Could this be the one of the simplest, yet most powerful changes you could make to have a healthier body? I think so.
Intermittent fasting has been on my radar for a while, as many of the MDs whose research I follow have been consistently raving about the virtues of going food-free-ish. I must confess however that what triggered my trial wasn’t so much a brain cleanse to sharpen my Sudoku skills but more a mission to squeeze back into my pre-Christmas jeans. Anyone else can relate??
Fast forward 3 weeks and I’m delighted with the results.

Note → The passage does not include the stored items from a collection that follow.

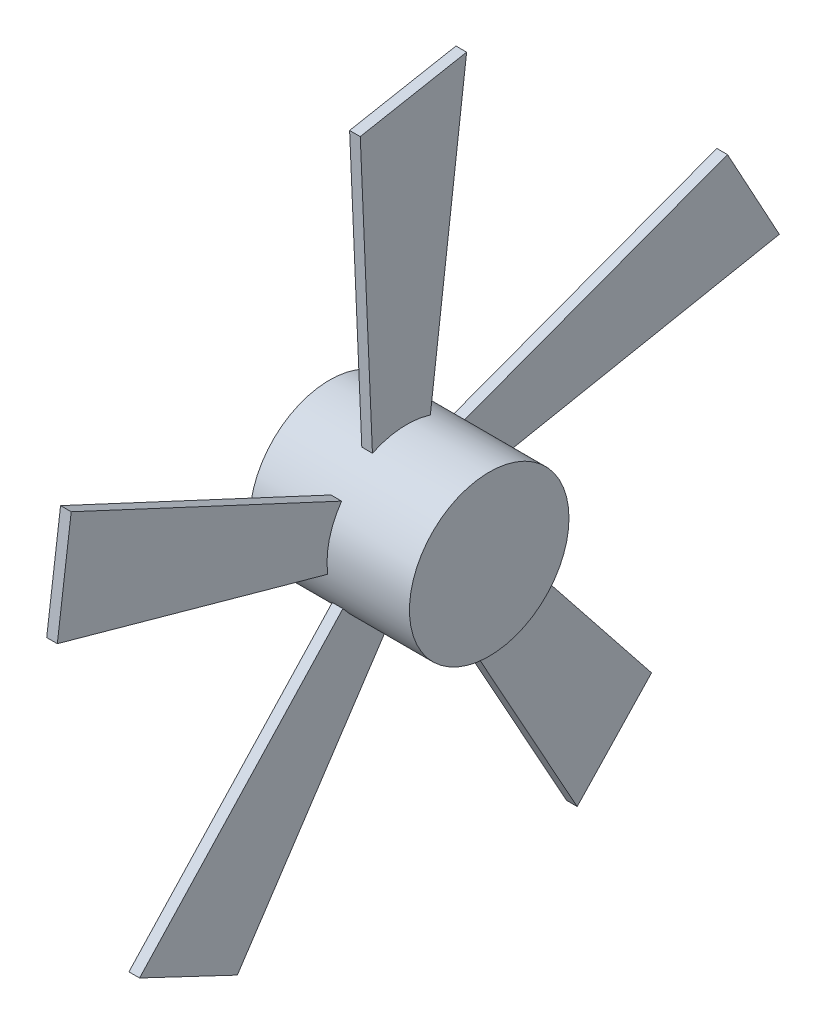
ISO-10303-21;
HEADER;
FILE_DESCRIPTION(('STEP AP214'),'2;1');
FILE_NAME('part.step','',(''),(''),'','','');
FILE_SCHEMA(('AUTOMOTIVE_DESIGN { 1 0 10303 214 1 1 1 1 }'));
ENDSEC;
DATA;
#1=APPLICATION_CONTEXT('core data for automotive mechanical design processes');
#2=APPLICATION_PROTOCOL_DEFINITION('international standard','automotive_design',2000,#1);
#3=PRODUCT_CONTEXT('',#1,'mechanical');
#4=PRODUCT('Part','Part','',(#3));
#5=PRODUCT_RELATED_PRODUCT_CATEGORY('part','',(#4));
#6=PRODUCT_DEFINITION_FORMATION('','',#4);
#7=PRODUCT_DEFINITION_CONTEXT('part definition',#1,'design');
#8=PRODUCT_DEFINITION('design','',#6,#7);
#9=PRODUCT_DEFINITION_SHAPE('','',#8);
#10=(LENGTH_UNIT() NAMED_UNIT(*) SI_UNIT(.MILLI.,.METRE.));
#11=(NAMED_UNIT(*) PLANE_ANGLE_UNIT() SI_UNIT($,.RADIAN.));
#12=(NAMED_UNIT(*) SI_UNIT($,.STERADIAN.) SOLID_ANGLE_UNIT());
#13=UNCERTAINTY_MEASURE_WITH_UNIT(LENGTH_MEASURE(1.E-05),#10,'distance_accuracy_value','');
#14=(GEOMETRIC_REPRESENTATION_CONTEXT(3) GLOBAL_UNCERTAINTY_ASSIGNED_CONTEXT((#13)) GLOBAL_UNIT_ASSIGNED_CONTEXT((#10,
#11,#12)) REPRESENTATION_CONTEXT('',''));
#15=CARTESIAN_POINT('',(0.,0.,0.));
#16=DIRECTION('',(0.,0.,1.));
#17=DIRECTION('',(1.,0.,0.));
#18=AXIS2_PLACEMENT_3D('',#15,#16,#17);
#19=CARTESIAN_POINT('',(30.48,0.,0.));
#20=DIRECTION('',(-1.,0.,0.));
#21=DIRECTION('',(0.,0.,1.));
#22=AXIS2_PLACEMENT_3D('',#19,#20,#21);
#23=CYLINDRICAL_SURFACE('',#22,15.24);
#24=CARTESIAN_POINT('',(14.732,0.,0.));
#25=DIRECTION('',(-1.,0.,0.));
#26=DIRECTION('',(0.,0.,1.));
#27=AXIS2_PLACEMENT_3D('',#24,#25,#26);
#28=CIRCLE('',#27,15.24);
#29=CARTESIAN_POINT('',(14.732,-7.27137485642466,-13.393457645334));
#30=VERTEX_POINT('',#29);
#31=CARTESIAN_POINT('',(14.732,-14.426123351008,-4.91371194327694));
#32=VERTEX_POINT('',#31);
#33=EDGE_CURVE('E392',#30,#32,#28,.T.);
#34=ORIENTED_EDGE('',*,*,#33,.F.);
#35=DIRECTION('',(-1.,0.,0.));
#36=VECTOR('',#35,1.);
#37=CARTESIAN_POINT('',(30.48,-7.27137485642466,-13.393457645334));
#38=LINE('',#37,#36);
#39=CARTESIAN_POINT('',(12.7,-7.27137485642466,-13.393457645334));
#40=VERTEX_POINT('',#39);
#41=EDGE_CURVE('E390',#40,#30,#38,.F.);
#42=ORIENTED_EDGE('',*,*,#41,.F.);
#43=CARTESIAN_POINT('',(12.7,0.,0.));
#44=DIRECTION('',(-1.,0.,0.));
#45=DIRECTION('',(0.,0.,1.));
#46=AXIS2_PLACEMENT_3D('',#43,#44,#45);
#47=CIRCLE('',#46,15.24);
#48=CARTESIAN_POINT('',(12.7,-14.426123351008,-4.91371194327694));
#49=VERTEX_POINT('',#48);
#50=EDGE_CURVE('E382',#40,#49,#47,.T.);
#51=ORIENTED_EDGE('',*,*,#50,.T.);
#52=DIRECTION('',(-1.,0.,0.));
#53=VECTOR('',#52,1.);
#54=CARTESIAN_POINT('',(30.48,-14.426123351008,-4.91371194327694));
#55=LINE('',#54,#53);
#56=EDGE_CURVE('E388',#32,#49,#55,.T.);
#57=ORIENTED_EDGE('',*,*,#56,.F.);
#58=EDGE_LOOP('',(#34,#42,#51,#57));
#59=FACE_BOUND('',#58,.T.);
#60=CARTESIAN_POINT('',(14.732,0.,0.));
#61=DIRECTION('',(-1.,0.,0.));
#62=DIRECTION('',(0.,0.,1.));
#63=AXIS2_PLACEMENT_3D('',#60,#61,#62);
#64=CIRCLE('',#63,15.24);
#65=CARTESIAN_POINT('',(14.732,-1.98981104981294,15.109541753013));
#66=VERTEX_POINT('',#65);
#67=CARTESIAN_POINT('',(14.732,8.78277153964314,12.4547390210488));
#68=VERTEX_POINT('',#67);
#69=EDGE_CURVE('E368',#66,#68,#64,.T.);
#70=ORIENTED_EDGE('',*,*,#69,.F.);
#71=DIRECTION('',(-1.,0.,0.));
#72=VECTOR('',#71,1.);
#73=CARTESIAN_POINT('',(30.48,-1.98981104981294,15.109541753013));
#74=LINE('',#73,#72);
#75=CARTESIAN_POINT('',(12.7,-1.98981104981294,15.109541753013));
#76=VERTEX_POINT('',#75);
#77=EDGE_CURVE('E356',#76,#66,#74,.F.);
#78=ORIENTED_EDGE('',*,*,#77,.F.);
#79=CARTESIAN_POINT('',(12.7,0.,0.));
#80=DIRECTION('',(-1.,0.,0.));
#81=DIRECTION('',(0.,0.,1.));
#82=AXIS2_PLACEMENT_3D('',#79,#80,#81);
#83=CIRCLE('',#82,15.24);
#84=CARTESIAN_POINT('',(12.7,8.78277153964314,12.4547390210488));
#85=VERTEX_POINT('',#84);
#86=EDGE_CURVE('E354',#76,#85,#83,.T.);
#87=ORIENTED_EDGE('',*,*,#86,.T.);
#88=DIRECTION('',(-1.,0.,0.));
#89=VECTOR('',#88,1.);
#90=CARTESIAN_POINT('',(30.48,8.78277153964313,12.4547390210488));
#91=LINE('',#90,#89);
#92=EDGE_CURVE('E362',#68,#85,#91,.T.);
#93=ORIENTED_EDGE('',*,*,#92,.F.);
#94=EDGE_LOOP('',(#70,#78,#87,#93));
#95=FACE_BOUND('',#94,.T.);
#96=CARTESIAN_POINT('',(0.,0.,0.));
#97=DIRECTION('',(1.,0.,0.));
#98=DIRECTION('',(0.,0.,-1.));
#99=AXIS2_PLACEMENT_3D('',#96,#97,#98);
#100=CIRCLE('',#99,15.24);
#101=CARTESIAN_POINT('',(0.,0.,-15.24));
#102=VERTEX_POINT('',#101);
#103=EDGE_CURVE('E334',#102,#102,#100,.T.);
#104=ORIENTED_EDGE('',*,*,#103,.T.);
#105=EDGE_LOOP('',(#104));
#106=FACE_BOUND('',#105,.T.);
#107=CARTESIAN_POINT('',(30.48,0.,0.));
#108=DIRECTION('',(1.,0.,0.));
#109=DIRECTION('',(0.,0.,-1.));
#110=AXIS2_PLACEMENT_3D('',#107,#108,#109);
#111=CIRCLE('',#110,15.24);
#112=CARTESIAN_POINT('',(30.48,0.,-15.24));
#113=VERTEX_POINT('',#112);
#114=EDGE_CURVE('E331',#113,#113,#111,.T.);
#115=ORIENTED_EDGE('',*,*,#114,.F.);
#116=EDGE_LOOP('',(#115));
#117=FACE_BOUND('',#116,.T.);
#118=CARTESIAN_POINT('',(14.732,0.,0.));
#119=DIRECTION('',(-1.,0.,0.));
#120=DIRECTION('',(0.,0.,1.));
#121=AXIS2_PLACEMENT_3D('',#118,#119,#120);
#122=CIRCLE('',#121,15.24);
#123=CARTESIAN_POINT('',(14.732,13.7551427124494,6.56152794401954));
#124=VERTEX_POINT('',#123);
#125=CARTESIAN_POINT('',(14.732,14.5591863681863,-4.50418608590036));
#126=VERTEX_POINT('',#125);
#127=EDGE_CURVE('E355',#124,#126,#122,.T.);
#128=ORIENTED_EDGE('',*,*,#127,.F.);
#129=DIRECTION('',(-1.,0.,0.));
#130=VECTOR('',#129,1.);
#131=CARTESIAN_POINT('',(30.48,13.7551427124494,6.56152794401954));
#132=LINE('',#131,#130);
#133=CARTESIAN_POINT('',(12.7,13.7551427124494,6.56152794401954));
#134=VERTEX_POINT('',#133);
#135=EDGE_CURVE('E344',#134,#124,#132,.F.);
#136=ORIENTED_EDGE('',*,*,#135,.F.);
#137=CARTESIAN_POINT('',(12.7,0.,0.));
#138=DIRECTION('',(-1.,0.,0.));
#139=DIRECTION('',(0.,0.,1.));
#140=AXIS2_PLACEMENT_3D('',#137,#138,#139);
#141=CIRCLE('',#140,15.24);
#142=CARTESIAN_POINT('',(12.7,14.5591863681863,-4.50418608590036));
#143=VERTEX_POINT('',#142);
#144=EDGE_CURVE('E337',#134,#143,#141,.T.);
#145=ORIENTED_EDGE('',*,*,#144,.T.);
#146=DIRECTION('',(-1.,0.,0.));
#147=VECTOR('',#146,1.);
#148=CARTESIAN_POINT('',(30.48,14.5591863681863,-4.50418608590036));
#149=LINE('',#148,#147);
#150=EDGE_CURVE('E346',#126,#143,#149,.T.);
#151=ORIENTED_EDGE('',*,*,#150,.F.);
#152=EDGE_LOOP('',(#128,#136,#145,#151));
#153=FACE_BOUND('',#152,.T.);
#154=CARTESIAN_POINT('',(14.732,0.,0.));
#155=DIRECTION('',(-1.,0.,0.));
#156=DIRECTION('',(0.,0.,1.));
#157=AXIS2_PLACEMENT_3D('',#154,#155,#156);
#158=CIRCLE('',#157,15.24);
#159=CARTESIAN_POINT('',(14.732,-14.9849135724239,2.77668241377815));
#160=VERTEX_POINT('',#159);
#161=CARTESIAN_POINT('',(14.732,-9.13113504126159,12.2016381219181));
#162=VERTEX_POINT('',#161);
#163=EDGE_CURVE('E379',#160,#162,#158,.T.);
#164=ORIENTED_EDGE('',*,*,#163,.F.);
#165=DIRECTION('',(-1.,0.,0.));
#166=VECTOR('',#165,1.);
#167=CARTESIAN_POINT('',(30.48,-14.9849135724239,2.77668241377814));
#168=LINE('',#167,#166);
#169=CARTESIAN_POINT('',(12.7,-14.9849135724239,2.77668241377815));
#170=VERTEX_POINT('',#169);
#171=EDGE_CURVE('E373',#170,#160,#168,.F.);
#172=ORIENTED_EDGE('',*,*,#171,.F.);
#173=CARTESIAN_POINT('',(12.7,0.,0.));
#174=DIRECTION('',(-1.,0.,0.));
#175=DIRECTION('',(0.,0.,1.));
#176=AXIS2_PLACEMENT_3D('',#173,#174,#175);
#177=CIRCLE('',#176,15.24);
#178=CARTESIAN_POINT('',(12.7,-9.13113504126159,12.2016381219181));
#179=VERTEX_POINT('',#178);
#180=EDGE_CURVE('E369',#170,#179,#177,.T.);
#181=ORIENTED_EDGE('',*,*,#180,.T.);
#182=DIRECTION('',(-1.,0.,0.));
#183=VECTOR('',#182,1.);
#184=CARTESIAN_POINT('',(30.48,-9.13113504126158,12.2016381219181));
#185=LINE('',#184,#183);
#186=EDGE_CURVE('E376',#162,#179,#185,.T.);
#187=ORIENTED_EDGE('',*,*,#186,.F.);
#188=EDGE_LOOP('',(#164,#172,#181,#187));
#189=FACE_BOUND('',#188,.T.);
#190=CARTESIAN_POINT('',(14.732,0.,0.));
#191=DIRECTION('',(-1.,0.,0.));
#192=DIRECTION('',(0.,0.,1.));
#193=AXIS2_PLACEMENT_3D('',#190,#191,#192);
#194=CIRCLE('',#193,15.24);
#195=CARTESIAN_POINT('',(14.732,10.4909567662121,-11.0542944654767));
#196=VERTEX_POINT('',#195);
#197=CARTESIAN_POINT('',(14.732,0.215300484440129,-15.2384791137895));
#198=VERTEX_POINT('',#197);
#199=EDGE_CURVE('E11',#196,#198,#194,.T.);
#200=ORIENTED_EDGE('',*,*,#199,.F.);
#201=DIRECTION('',(-1.,0.,0.));
#202=VECTOR('',#201,1.);
#203=CARTESIAN_POINT('',(30.48,10.4909567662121,-11.0542944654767));
#204=LINE('',#203,#202);
#205=CARTESIAN_POINT('',(12.7,10.4909567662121,-11.0542944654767));
#206=VERTEX_POINT('',#205);
#207=EDGE_CURVE('E399',#206,#196,#204,.F.);
#208=ORIENTED_EDGE('',*,*,#207,.F.);
#209=CARTESIAN_POINT('',(12.7,0.,0.));
#210=DIRECTION('',(-1.,0.,0.));
#211=DIRECTION('',(0.,0.,1.));
#212=AXIS2_PLACEMENT_3D('',#209,#210,#211);
#213=CIRCLE('',#212,15.24);
#214=CARTESIAN_POINT('',(12.7,0.215300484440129,-15.2384791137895));
#215=VERTEX_POINT('',#214);
#216=EDGE_CURVE('E398',#206,#215,#213,.T.);
#217=ORIENTED_EDGE('',*,*,#216,.T.);
#218=DIRECTION('',(-1.,0.,0.));
#219=VECTOR('',#218,1.);
#220=CARTESIAN_POINT('',(30.48,0.215300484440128,-15.2384791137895));
#221=LINE('',#220,#219);
#222=EDGE_CURVE('E54',#198,#215,#221,.T.);
#223=ORIENTED_EDGE('',*,*,#222,.F.);
#224=EDGE_LOOP('',(#200,#208,#217,#223));
#225=FACE_BOUND('',#224,.T.);
#226=ADVANCED_FACE('F50',(#59,#95,#106,#117,#153,#189,#225),#23,.T.);
#227=CARTESIAN_POINT('',(30.48,0.,0.));
#228=DIRECTION('',(1.,0.,0.));
#229=DIRECTION('',(0.,0.,-1.));
#230=AXIS2_PLACEMENT_3D('',#227,#228,#229);
#231=PLANE('',#230);
#232=ORIENTED_EDGE('',*,*,#114,.T.);
#233=EDGE_LOOP('',(#232));
#234=FACE_BOUND('',#233,.T.);
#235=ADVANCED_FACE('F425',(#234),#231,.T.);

Whilst I can’t attest for the impact it has had on me not going looney-loo (here’s to hoping), there are a number of visible, short term benefits:
- I feel more focused and productive
- My skin is at its best: clear and spots-free
- I can fit comfortably back into my skinniest of skinny jeans
What does a typical IF day look like? On a day when I’m taking it seriously I’ll have breakfast around 11am, after my morning workout. I’ll have a light lunch around 2pm and then dinner with kids at 6pm. Or if I’m not feeling super hungry I’ll just skip lunch altogether and have “dinner” at 5pm. and that’s it until breakfast the next day.
Sounds tough? Well, it’s not as easy as sitting down with your favourite box set sponsored by Lindt dark & mint, that’s for sure. You have to want to do it, babes. Can’t help you with that part, I’m afraid.
I can however share some tricks I’ve learned in the process to make it easier – I give you my 8 Top Tips for Intermittent Fasting, ladies:
- Be serious about the meals you do have. Not bunny portions, ok?
- Always, always have protein at every meal. I’ll have eggs, meat or a scoop of protein powder in my smoothie. Keeps you nourished and full for longer.
- Stick to 3 meals a day. Don’t snack in between. It’s like the more food you eat, the hungrier you get. If your body is “trained” to keep a 4-5 hour gap between meals, then that becomes the new normal.
- Ideally I’d love to keep a 14-16 hours between dinner and breakfast the next day. Most days that’s simply not gonna happen and I aim for 12 hours instead.
- Stay busy. Outside the kitchen.
- Go to sleep. If you’re up on a Netflix binge until the early hours, there’s hardly no getting around the buttery toasts or cookies n’ cream. Your skin will also thank you for the extra snooze.
- It doesn’t get easy (duh), but it does become easier – your body adapts to smaller amounts of food.
- Be kind to yourself. Can’t stress this one enough. Some days this works, some days it won’t. I’m not working towards a specific size/ weight, so I go with the flow. Typically on weekends there’s more going on – friends are over for lunch, there’s baking with the kids and snuggling up with hubby to watch a movie. Life before IF, ladies.
There’s gazillions of literature about Intermittent Fasting out there. My personal favourite is Grain Brain by Dr David Perlmutter, for all the science backed recommendations. On that note, if you’re interested in finding out more about how changes to your lifestyle can prevent Alzheimer’s, read my post ” How Healthy Food Can Prevent Alzheimer’s – The End of Alzheimer’s Book!” (spoiler: fasting is also on the list).
Have you tried Intermittent Fasting? I’d love to hear about it!
Ps1. This is not medical advice. If you try this and it doesn’t work for you, don’t kill the messenger.
Ps2. The picture does not relate in any way whatsoever with the title of this blog post. But what would, anyway? An empty plate???